I made something similar to the "champagne" style you mentioned. I don't think you need to use a clear cider, it will clarify if you give it enough time. You may also add pectic enzyme if you start with a cloudy product. I like a white wine yeast such as EC1118 or redstar cote du blanc. I've also used nottingham and the white labs product (the latter I didn't like). I just saw a post where a wheat yeast was used (www.themadfermentationist.com). You probably know this, but don't forget to add some yeast nutrient and ferment on the cooler side of ale temps if you can.

Store bought cider will be less tannic/acidic than something designed for hard-cider, but if you go high on the CO2 you will cover that up a bit. If you are going for "champagne" level CO2 then aim north of 4 volumes. For a wedding you want that nice POP when you open the cork, so going even to 5-6 volumes could be in order. For this you will need champagne bottles and a corker that can do the wider corks. I know some people that have been able to push the heavy corks into the smaller corker, which runs about $70 (get the corks first, bring one to the shop to try it out). I use the ferrari corker, which is more expensive but works great. Many HBS will rent them for a few days at a time; this would be the most economical way to do that. You don't need to use "champagne" corks, I would get the "belgian" corks from more-beer or elsewheres. They hold pressure in champagne bottles and are cheaper and easier to find. The champagne corks I got from midwest supply (or something like that) were junk.

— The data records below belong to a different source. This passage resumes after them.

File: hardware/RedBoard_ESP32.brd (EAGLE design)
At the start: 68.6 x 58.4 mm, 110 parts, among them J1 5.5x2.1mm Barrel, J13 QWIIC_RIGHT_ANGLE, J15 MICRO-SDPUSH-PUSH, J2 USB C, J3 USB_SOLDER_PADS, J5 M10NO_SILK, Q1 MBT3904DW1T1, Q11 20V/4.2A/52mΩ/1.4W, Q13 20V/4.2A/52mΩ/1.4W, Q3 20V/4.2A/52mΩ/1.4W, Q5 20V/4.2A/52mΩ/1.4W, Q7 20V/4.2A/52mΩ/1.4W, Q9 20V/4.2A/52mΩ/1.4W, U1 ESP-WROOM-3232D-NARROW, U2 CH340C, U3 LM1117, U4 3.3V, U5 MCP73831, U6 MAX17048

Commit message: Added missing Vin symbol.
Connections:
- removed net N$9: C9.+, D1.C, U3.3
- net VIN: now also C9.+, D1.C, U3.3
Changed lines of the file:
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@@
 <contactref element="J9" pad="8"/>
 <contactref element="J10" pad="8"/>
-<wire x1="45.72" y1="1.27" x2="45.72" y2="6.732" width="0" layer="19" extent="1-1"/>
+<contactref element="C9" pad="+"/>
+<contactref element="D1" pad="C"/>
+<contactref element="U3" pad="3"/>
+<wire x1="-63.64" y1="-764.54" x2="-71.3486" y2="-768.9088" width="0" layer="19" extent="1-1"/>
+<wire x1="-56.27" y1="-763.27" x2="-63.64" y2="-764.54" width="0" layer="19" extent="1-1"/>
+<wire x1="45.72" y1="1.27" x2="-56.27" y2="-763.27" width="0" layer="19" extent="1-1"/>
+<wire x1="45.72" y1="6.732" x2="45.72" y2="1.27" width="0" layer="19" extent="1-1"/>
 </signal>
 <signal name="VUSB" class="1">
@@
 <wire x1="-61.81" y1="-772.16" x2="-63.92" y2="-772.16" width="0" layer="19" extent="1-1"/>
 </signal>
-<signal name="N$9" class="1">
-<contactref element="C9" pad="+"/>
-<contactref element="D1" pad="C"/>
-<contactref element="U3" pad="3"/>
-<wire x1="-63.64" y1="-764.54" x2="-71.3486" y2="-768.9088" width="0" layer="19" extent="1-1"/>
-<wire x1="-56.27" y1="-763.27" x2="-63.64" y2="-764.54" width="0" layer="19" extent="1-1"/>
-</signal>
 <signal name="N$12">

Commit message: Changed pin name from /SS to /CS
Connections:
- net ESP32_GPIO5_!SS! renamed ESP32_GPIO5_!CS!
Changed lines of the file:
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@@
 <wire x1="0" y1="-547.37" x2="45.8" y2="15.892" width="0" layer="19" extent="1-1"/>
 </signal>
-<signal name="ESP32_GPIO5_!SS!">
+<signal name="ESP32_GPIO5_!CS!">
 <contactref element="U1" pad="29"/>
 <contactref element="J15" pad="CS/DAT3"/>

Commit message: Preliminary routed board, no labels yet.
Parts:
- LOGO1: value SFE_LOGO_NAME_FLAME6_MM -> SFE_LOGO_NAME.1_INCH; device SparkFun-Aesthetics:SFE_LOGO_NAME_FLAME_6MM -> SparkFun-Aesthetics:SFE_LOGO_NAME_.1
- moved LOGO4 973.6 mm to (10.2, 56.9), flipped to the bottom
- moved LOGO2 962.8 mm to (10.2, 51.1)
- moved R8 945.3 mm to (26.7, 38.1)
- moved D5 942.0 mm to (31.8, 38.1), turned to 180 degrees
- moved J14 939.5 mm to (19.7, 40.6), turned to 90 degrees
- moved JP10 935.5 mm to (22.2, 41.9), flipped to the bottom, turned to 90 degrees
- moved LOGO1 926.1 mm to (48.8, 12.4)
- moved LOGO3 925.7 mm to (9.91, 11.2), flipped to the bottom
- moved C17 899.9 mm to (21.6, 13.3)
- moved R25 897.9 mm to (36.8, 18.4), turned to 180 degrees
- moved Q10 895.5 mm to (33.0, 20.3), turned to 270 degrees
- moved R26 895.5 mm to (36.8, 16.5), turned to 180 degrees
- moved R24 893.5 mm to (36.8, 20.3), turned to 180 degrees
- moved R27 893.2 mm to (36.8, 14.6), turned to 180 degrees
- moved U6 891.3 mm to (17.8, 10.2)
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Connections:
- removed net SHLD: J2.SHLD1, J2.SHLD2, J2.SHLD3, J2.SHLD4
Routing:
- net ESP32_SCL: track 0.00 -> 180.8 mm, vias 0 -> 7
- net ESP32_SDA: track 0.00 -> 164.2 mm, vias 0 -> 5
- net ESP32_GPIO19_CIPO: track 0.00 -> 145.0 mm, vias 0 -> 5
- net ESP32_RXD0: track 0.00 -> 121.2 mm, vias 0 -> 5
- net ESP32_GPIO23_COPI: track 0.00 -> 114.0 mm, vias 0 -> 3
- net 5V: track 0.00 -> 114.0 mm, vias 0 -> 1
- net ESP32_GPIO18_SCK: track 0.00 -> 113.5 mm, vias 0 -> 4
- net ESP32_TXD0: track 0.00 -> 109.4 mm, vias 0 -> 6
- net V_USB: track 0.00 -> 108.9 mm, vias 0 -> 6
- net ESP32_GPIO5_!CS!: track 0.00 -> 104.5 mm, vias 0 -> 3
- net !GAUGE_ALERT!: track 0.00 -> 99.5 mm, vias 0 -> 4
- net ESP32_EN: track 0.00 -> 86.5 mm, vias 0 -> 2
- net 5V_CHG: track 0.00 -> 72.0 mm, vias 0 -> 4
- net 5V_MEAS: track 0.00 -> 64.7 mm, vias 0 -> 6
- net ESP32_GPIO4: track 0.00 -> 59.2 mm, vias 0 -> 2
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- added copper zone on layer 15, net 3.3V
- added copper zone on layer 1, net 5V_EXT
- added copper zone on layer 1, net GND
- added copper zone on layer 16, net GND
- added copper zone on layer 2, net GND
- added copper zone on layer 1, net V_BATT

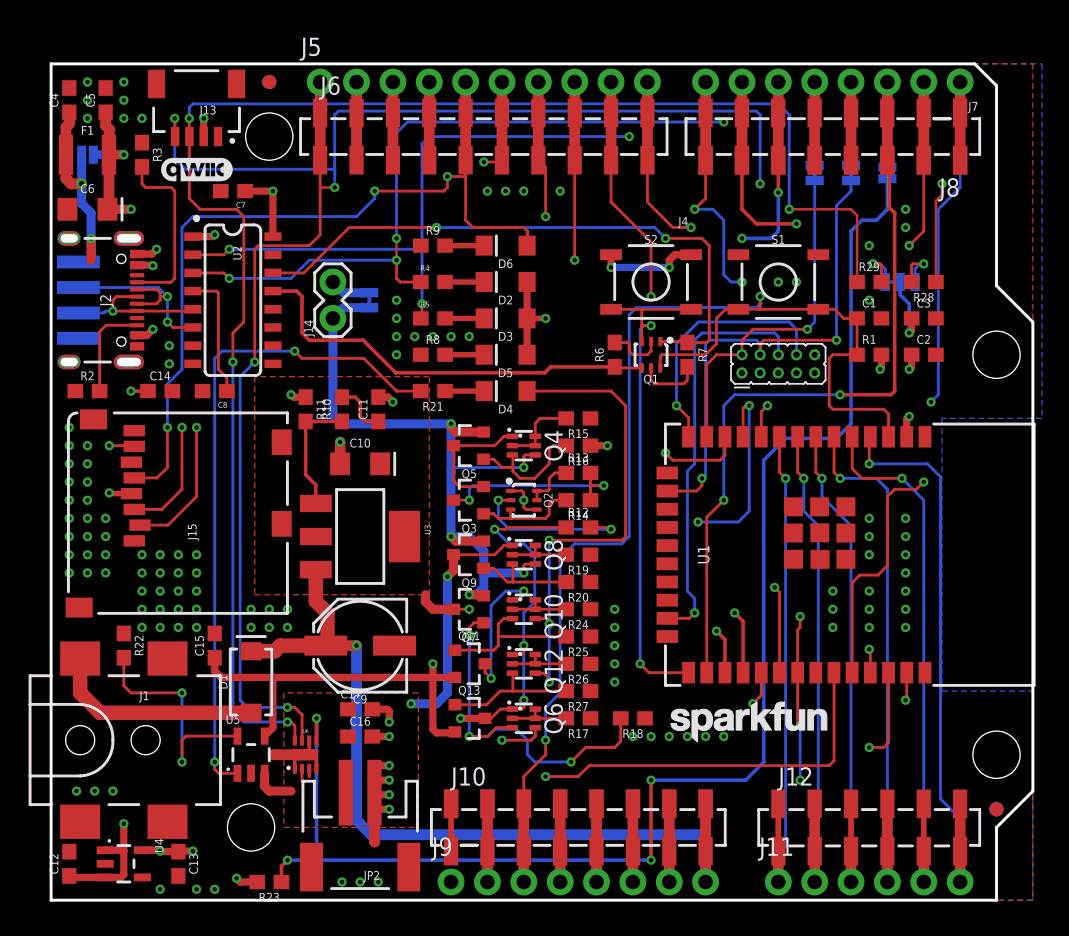
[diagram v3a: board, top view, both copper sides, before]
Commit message: Added board labels.
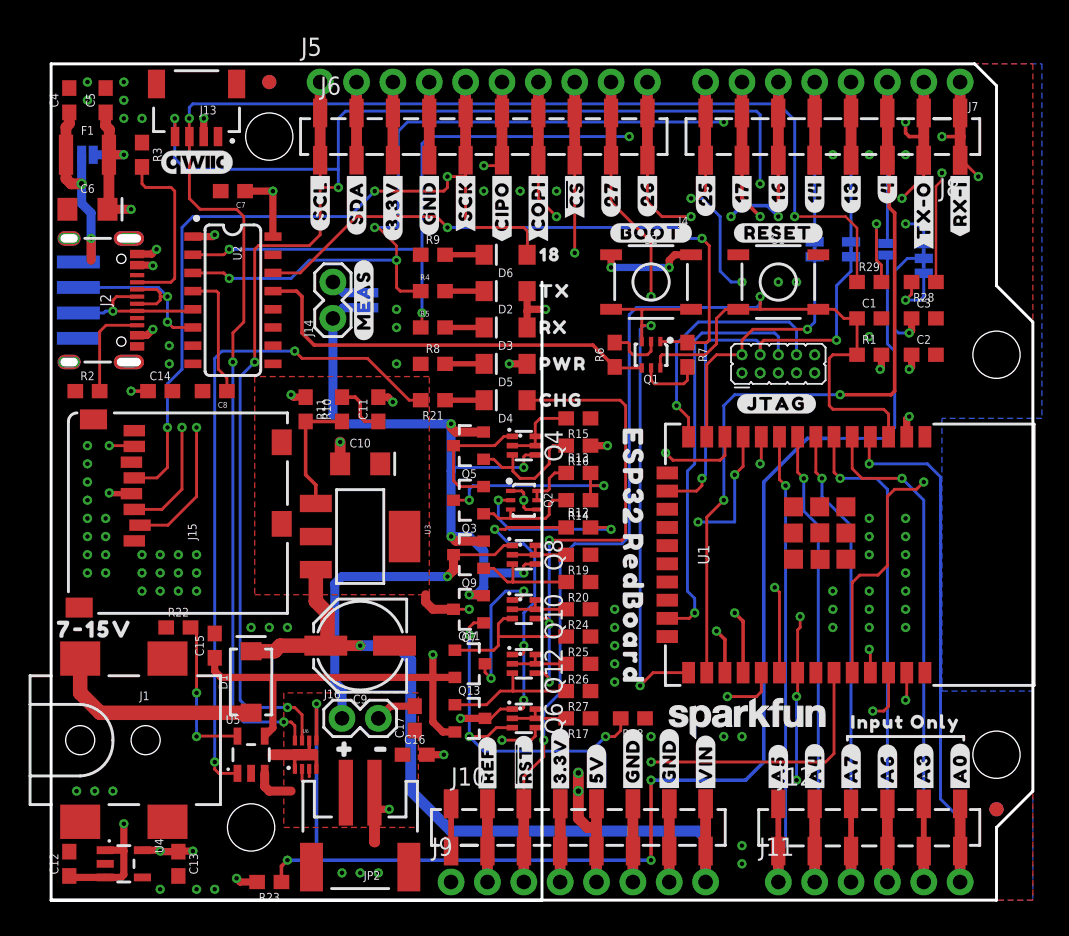
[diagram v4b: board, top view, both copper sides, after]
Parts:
- added J16: (no value), SparkFun-Connectors:1X02
- added LOGO5: SPECIAL_INSTRUCTIONS-ORDERING, SparkFun-Aesthetics:ORDERING_INSTRUCTIONS
- added LOGO6: SFE_LOGO_NAME_FLAME.2_INCH, SparkFun-Aesthetics:SFE_LOGO_NAME_FLAME_.2
- added U$10: (no value), output-ESP32:1836
- added U$11: (no value), output-ESP32:##CS##28
- added U$12: (no value), output-ESP32:#27#27
- added U$13: (no value), output-ESP32:#26#26
- added U$14: (no value), output-ESP32:TX1838
- added U$15: (no value), output-ESP32:RX1839
- added U$16: (no value), output-ESP32:PWR1837
- added U$17: (no value), output-ESP32:CHG1840
- added U$18: (no value), output-ESP32:#25#18
- added U$19: (no value), output-ESP32:#17#17
- added U$20: (no value), output-ESP32:#16#15
- added U$21: (no value), output-ESP32:#14#14
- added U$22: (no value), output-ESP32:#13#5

If you are interested in the "methode champonoise" or whatever, there is a really nice review on the maltose falcons website. Watch out though, you would need to first cap the bottles with the 29 mm caps (make sure you bottles will accept caps, belgian bottles will not) then cork later after discharging the yeast. I've never done this, it looks hard.

For the keg version you may wish to try and backsweeten to increase the mouthfeel as you will have less CO2.

Higher OG = more aging/conditioning time and will thin the mouthfeel down some. As you know, cider will usually go all the way down to 1.000 or less, which ends up being around 6-9+% depending on your juice. Most of the adjunct driven ciders I've done did not taste as good as with the juice alone, but this is a matter of taste. Either way, I would measure the OG of the juice before you start and decide how much adjunct you want to add from there.